His film, which shows the change of heart in a hardened Communist domestic spy, appealed more to the Oscar voters than Pan's Labyrinth in which a girl living in a remote region of the country in the 1940s sees the victorious Fascists fighting guerilla resistance. She escapes into a fantasy world to forget the harsh reality around her.
 
As the towering, 30-plus Donnersmarck, who made his feature film debut with The Lives Of Others, walked to the dais to receive his Oscar, viewers must have started wondering if the other favoured sons and daughters would win at all.
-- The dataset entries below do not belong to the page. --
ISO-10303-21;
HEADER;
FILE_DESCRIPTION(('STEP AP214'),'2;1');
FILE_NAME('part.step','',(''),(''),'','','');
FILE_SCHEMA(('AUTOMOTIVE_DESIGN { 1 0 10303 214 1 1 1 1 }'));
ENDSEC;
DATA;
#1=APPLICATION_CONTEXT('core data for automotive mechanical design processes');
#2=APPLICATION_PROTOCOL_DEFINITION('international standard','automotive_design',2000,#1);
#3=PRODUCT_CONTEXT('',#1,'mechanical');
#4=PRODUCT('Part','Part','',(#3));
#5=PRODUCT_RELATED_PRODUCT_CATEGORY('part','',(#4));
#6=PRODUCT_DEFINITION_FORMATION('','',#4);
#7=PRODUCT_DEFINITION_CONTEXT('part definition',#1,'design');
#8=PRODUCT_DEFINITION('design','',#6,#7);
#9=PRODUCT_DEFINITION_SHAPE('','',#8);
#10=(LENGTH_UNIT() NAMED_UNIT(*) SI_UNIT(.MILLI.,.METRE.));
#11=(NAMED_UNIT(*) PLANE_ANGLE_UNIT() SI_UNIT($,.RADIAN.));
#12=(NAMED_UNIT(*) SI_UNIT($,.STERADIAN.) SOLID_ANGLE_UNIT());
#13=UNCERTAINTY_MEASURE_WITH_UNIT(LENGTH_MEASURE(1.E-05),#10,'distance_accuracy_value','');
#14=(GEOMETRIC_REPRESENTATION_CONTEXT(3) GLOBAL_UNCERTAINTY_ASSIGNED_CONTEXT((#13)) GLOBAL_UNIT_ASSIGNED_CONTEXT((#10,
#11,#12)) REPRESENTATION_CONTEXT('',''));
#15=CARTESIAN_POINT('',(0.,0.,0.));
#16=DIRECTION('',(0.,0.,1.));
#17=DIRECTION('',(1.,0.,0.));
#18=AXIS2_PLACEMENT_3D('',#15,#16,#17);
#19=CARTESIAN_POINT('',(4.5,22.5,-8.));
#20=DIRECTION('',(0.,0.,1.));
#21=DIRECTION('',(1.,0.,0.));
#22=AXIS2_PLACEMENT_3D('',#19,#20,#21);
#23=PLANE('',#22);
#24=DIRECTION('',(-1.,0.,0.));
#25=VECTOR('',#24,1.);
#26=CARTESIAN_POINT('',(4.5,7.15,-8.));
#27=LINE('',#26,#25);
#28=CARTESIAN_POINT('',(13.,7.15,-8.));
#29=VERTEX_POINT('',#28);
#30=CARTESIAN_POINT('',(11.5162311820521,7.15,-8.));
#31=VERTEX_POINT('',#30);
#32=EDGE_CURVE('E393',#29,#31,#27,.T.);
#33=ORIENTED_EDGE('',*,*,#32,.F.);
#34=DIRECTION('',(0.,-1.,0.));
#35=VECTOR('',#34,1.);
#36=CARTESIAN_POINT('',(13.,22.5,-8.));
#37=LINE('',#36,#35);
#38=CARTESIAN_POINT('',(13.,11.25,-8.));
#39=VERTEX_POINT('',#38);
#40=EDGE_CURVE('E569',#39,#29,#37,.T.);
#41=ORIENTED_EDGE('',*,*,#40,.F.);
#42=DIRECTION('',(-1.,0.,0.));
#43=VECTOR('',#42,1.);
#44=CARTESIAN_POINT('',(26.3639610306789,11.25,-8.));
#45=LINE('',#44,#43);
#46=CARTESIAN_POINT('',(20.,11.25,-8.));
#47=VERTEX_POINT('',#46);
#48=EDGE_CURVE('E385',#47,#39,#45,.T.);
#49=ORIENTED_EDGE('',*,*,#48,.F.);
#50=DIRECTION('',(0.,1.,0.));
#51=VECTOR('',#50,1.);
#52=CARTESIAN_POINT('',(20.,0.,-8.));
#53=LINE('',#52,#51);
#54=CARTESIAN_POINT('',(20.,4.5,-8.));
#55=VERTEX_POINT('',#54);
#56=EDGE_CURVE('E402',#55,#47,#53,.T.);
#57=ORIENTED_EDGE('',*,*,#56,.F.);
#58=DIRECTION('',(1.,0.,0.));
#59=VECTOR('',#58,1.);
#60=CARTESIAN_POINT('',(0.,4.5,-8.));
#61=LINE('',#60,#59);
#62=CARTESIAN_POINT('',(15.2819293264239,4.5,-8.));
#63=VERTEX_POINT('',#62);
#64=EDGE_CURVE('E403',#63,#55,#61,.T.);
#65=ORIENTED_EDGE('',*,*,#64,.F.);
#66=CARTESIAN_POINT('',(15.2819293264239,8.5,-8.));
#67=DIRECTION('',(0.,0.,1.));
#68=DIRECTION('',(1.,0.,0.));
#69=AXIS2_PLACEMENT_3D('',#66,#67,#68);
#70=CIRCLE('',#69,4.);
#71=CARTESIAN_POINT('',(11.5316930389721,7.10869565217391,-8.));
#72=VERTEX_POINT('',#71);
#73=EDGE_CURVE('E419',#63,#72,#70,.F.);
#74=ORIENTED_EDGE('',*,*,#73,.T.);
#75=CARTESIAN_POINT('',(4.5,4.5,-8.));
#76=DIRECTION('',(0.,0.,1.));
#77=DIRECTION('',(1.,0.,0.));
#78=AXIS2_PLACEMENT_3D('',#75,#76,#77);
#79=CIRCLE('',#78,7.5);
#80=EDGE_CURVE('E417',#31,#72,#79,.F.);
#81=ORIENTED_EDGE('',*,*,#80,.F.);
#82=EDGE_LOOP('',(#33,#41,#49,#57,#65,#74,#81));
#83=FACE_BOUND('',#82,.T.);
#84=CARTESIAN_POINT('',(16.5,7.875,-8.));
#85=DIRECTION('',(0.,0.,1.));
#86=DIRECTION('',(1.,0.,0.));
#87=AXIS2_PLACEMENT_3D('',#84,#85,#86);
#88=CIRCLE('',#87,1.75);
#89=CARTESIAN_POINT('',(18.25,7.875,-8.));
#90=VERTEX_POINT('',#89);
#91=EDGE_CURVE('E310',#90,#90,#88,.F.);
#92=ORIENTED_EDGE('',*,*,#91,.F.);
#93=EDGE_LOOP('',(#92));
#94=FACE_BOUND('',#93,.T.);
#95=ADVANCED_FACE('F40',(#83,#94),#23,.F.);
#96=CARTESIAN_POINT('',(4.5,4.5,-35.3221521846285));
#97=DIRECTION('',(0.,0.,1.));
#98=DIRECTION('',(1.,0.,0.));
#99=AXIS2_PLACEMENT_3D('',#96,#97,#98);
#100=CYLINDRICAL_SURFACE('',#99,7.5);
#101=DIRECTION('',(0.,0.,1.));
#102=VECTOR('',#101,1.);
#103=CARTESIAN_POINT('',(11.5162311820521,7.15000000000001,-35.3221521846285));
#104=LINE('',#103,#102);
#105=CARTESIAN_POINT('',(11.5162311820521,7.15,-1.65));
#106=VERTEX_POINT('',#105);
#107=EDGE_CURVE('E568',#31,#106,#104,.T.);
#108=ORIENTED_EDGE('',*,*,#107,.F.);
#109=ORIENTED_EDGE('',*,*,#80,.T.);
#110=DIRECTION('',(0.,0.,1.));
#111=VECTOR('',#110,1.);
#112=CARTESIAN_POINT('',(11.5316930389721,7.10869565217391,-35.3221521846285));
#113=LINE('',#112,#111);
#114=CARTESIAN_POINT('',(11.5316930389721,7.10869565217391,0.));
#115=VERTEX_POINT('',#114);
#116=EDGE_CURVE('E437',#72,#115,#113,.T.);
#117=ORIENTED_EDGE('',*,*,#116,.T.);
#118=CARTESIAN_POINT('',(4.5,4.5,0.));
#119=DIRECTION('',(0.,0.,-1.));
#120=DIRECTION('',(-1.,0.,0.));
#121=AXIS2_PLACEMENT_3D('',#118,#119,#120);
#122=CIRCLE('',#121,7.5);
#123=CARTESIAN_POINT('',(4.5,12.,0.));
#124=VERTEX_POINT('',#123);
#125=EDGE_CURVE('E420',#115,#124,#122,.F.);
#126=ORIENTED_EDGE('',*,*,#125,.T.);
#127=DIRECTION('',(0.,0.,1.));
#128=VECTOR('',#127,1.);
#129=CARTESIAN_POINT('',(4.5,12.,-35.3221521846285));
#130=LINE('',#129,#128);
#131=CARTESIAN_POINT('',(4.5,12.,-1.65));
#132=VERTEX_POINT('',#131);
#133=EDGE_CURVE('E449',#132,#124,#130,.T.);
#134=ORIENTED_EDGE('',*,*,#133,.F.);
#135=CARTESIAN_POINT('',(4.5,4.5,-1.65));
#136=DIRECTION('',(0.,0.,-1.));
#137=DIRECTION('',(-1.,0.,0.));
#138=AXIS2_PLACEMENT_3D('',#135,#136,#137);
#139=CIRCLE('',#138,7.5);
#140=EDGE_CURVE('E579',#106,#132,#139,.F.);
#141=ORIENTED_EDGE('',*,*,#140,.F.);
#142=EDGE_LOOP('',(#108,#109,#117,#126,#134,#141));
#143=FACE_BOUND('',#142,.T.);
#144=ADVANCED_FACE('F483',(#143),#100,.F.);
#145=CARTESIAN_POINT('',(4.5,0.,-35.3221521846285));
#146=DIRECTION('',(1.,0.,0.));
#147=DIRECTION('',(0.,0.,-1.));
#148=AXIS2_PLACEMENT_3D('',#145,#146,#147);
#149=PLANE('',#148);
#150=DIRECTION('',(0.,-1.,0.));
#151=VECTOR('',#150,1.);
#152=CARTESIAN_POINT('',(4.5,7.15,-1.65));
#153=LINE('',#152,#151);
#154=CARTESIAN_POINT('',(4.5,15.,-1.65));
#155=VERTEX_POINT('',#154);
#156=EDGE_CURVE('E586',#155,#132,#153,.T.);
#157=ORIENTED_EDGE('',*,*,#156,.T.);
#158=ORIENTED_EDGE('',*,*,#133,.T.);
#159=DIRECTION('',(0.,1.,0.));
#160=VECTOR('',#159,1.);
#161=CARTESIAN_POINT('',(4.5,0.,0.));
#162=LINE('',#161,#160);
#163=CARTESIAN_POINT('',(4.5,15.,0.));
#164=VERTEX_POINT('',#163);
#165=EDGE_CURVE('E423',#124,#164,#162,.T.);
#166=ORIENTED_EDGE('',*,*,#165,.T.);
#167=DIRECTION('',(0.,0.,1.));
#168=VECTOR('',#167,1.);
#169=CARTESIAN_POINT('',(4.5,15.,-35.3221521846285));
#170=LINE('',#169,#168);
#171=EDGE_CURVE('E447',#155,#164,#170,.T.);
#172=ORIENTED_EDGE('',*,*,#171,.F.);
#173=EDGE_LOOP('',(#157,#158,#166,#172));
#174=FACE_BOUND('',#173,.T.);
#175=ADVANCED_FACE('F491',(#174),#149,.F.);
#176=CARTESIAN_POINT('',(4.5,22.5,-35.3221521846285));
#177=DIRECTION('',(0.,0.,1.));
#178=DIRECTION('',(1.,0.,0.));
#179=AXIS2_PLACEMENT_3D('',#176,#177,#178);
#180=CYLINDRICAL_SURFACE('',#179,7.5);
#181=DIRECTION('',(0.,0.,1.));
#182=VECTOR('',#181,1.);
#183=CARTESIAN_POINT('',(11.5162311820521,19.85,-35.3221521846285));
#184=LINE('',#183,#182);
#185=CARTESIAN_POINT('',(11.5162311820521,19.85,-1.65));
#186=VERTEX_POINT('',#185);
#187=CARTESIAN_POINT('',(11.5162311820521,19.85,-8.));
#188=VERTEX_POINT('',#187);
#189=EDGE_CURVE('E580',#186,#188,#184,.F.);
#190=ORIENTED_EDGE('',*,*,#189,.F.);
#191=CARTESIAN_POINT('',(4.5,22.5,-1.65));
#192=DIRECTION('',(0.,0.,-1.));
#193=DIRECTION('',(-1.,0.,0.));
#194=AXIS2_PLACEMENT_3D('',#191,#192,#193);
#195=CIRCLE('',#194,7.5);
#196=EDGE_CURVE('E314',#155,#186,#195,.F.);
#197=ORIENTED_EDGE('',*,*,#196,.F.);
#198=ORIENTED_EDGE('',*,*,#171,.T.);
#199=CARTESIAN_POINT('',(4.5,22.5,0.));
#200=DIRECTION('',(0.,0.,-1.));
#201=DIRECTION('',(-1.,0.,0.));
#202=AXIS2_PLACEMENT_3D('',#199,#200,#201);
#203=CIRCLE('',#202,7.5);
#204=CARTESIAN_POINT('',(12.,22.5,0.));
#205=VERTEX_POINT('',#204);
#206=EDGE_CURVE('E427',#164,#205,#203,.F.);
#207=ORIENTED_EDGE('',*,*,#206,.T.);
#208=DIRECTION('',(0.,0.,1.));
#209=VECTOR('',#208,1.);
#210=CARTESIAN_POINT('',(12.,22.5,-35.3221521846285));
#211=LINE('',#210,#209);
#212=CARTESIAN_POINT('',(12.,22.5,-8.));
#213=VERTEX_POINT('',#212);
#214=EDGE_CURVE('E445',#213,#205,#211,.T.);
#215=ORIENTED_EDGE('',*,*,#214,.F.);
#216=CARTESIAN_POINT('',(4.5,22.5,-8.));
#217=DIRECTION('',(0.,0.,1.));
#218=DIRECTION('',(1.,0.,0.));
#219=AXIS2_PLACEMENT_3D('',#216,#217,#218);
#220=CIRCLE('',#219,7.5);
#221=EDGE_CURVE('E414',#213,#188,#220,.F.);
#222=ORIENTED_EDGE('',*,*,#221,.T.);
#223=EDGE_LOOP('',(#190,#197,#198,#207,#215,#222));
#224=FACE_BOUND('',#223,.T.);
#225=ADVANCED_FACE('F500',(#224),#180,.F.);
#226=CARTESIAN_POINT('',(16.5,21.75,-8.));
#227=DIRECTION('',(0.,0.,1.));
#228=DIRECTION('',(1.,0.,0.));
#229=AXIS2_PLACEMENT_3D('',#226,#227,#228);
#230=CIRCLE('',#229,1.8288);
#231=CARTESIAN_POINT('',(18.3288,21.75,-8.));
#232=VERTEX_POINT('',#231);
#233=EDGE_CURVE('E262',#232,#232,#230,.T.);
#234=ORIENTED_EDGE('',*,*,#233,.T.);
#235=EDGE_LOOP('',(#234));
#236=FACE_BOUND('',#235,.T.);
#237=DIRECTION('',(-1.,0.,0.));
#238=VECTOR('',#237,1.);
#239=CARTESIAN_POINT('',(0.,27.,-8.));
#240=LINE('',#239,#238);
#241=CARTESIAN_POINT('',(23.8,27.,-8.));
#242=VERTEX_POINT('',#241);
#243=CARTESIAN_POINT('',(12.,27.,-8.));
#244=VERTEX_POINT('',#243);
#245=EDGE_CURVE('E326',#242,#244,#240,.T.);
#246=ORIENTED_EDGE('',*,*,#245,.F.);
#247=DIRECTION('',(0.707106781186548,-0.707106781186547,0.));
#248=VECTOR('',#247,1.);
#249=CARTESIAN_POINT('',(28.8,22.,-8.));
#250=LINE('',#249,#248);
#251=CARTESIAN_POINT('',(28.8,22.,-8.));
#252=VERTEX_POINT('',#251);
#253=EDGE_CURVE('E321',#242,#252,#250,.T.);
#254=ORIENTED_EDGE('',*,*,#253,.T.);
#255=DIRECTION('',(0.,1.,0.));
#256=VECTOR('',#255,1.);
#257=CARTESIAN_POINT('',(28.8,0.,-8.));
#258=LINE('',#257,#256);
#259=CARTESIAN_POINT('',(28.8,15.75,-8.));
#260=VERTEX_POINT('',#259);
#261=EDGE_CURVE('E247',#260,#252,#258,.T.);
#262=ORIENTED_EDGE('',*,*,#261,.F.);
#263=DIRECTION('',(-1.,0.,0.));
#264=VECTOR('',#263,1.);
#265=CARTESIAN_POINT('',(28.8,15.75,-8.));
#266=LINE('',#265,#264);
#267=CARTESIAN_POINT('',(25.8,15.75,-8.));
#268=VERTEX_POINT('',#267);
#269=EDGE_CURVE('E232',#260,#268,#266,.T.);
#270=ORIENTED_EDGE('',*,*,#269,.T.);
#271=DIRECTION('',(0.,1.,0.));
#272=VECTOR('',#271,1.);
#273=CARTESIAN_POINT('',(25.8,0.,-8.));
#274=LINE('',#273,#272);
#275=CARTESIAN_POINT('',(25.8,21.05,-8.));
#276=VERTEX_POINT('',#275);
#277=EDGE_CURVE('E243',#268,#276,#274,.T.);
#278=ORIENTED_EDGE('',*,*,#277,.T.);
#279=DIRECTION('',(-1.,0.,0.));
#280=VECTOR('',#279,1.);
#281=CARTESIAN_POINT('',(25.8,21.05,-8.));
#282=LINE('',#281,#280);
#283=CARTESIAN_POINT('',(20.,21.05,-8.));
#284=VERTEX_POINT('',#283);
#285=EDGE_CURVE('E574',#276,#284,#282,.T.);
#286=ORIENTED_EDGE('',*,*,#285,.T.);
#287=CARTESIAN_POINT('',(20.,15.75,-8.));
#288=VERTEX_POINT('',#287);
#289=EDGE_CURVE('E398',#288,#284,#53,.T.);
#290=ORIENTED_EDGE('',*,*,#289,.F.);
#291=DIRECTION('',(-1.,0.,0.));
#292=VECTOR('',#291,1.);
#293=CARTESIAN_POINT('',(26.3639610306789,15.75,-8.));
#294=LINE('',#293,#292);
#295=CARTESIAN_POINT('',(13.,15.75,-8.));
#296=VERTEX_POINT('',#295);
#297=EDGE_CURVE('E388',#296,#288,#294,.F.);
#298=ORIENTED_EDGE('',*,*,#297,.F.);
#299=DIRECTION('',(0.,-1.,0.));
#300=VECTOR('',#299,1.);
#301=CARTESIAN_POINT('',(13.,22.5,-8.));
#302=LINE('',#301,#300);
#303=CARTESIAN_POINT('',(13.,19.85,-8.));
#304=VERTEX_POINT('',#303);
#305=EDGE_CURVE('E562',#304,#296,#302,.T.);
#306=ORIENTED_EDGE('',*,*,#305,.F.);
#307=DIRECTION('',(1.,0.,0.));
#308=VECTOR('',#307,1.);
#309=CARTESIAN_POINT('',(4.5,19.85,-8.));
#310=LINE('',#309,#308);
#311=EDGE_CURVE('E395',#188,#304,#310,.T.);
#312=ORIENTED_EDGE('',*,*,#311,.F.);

For instance, will Martin Scorsese, who has been nominated six times for direction, finally take home his much deserved best director statute for the mob drama The Departed? And will the Departed win the best picture Oscar? Or would there be a startling upset with Little Miss Sunshine taking home the trophy?
 
The doubts started increasing when the much favoured Eddie Murphy playing a musician in Dreamgirls lost in the best supporting actor category to veteran Alan Arkin, who plays an oddball but endearing grandfather in Little Miss Sunshine.
 
In the final reckoning, The Departed would win not only for Scorsese but also for the best screenplay and editing, and most important for the best picture.
 
The other favourite Forest Whitaker, who has been in Hollywood for over 15 years, took his first Oscar for playing with utter conviction the Ugandan dictator Idi Amin in The Last King of Scotland. Not to forget Helen Mirren who took the crown for doing a great job of playing the beleaguered British Queen in the aftermath of Princess Diana's death in the aptly titled The Queen. Jennifer Hudson, who failed to reach the top in the American Idol, took the best supporting actress Oscar for playing a soul singer in Dreamgirls. It was also her first movie role.    
 
The evening heard many graceful comments from star winners. But one that stood long in my mind was what Whitaker said.
 
"When I was a kid the only way I saw movies was from the back seat of my family's car at the drive-in movie," he said softly fighting his tears. "It wasn't my reality to think I would be acting in movies, so receiving this honour tonight tells me it's possible. It is possible for a kid from east Texas, raised in south-central LA and Carson, who believes in his dreams, commits himself to them with his heart, to touch them and to have them happen."
 
If there is an Oscar for a heartfelt, dignified and low intensity reaction, Whitaker would have taken it home, along with his acting Oscar.
 
Compared to the major Oscar winners, The Last King had made a tiny dent into the American box-office. The $6 million film, considered a tough sale because it is set in a country that not many Americans do not care about, had grossed about $14 million prior to the Oscars, half of that money being made after its Oscar nomination was announced over a month ago. On the other hand, The Queen, which was also released the same day as The Last King 22 weeks ago, has made about $52 million. The Departed was the most successful of all the winners. It has taken some $132 million in North America, over $12 million of it coming after its Oscar nominations. The film is now available on DVD.
 
And yet, despite its low box office profile, Whitaker's performance in The Last King  was so riveting and stirring that the Oscar voters embraced him.
 
Alan Arkin wasn't much behind Whitaker in making a dignified speech. "More than anything, I'm deeply moved by the open-hearted appreciation our small film has received, which in these fragmented times speaks so openly of the possibility of innocence, growth and connection," he said.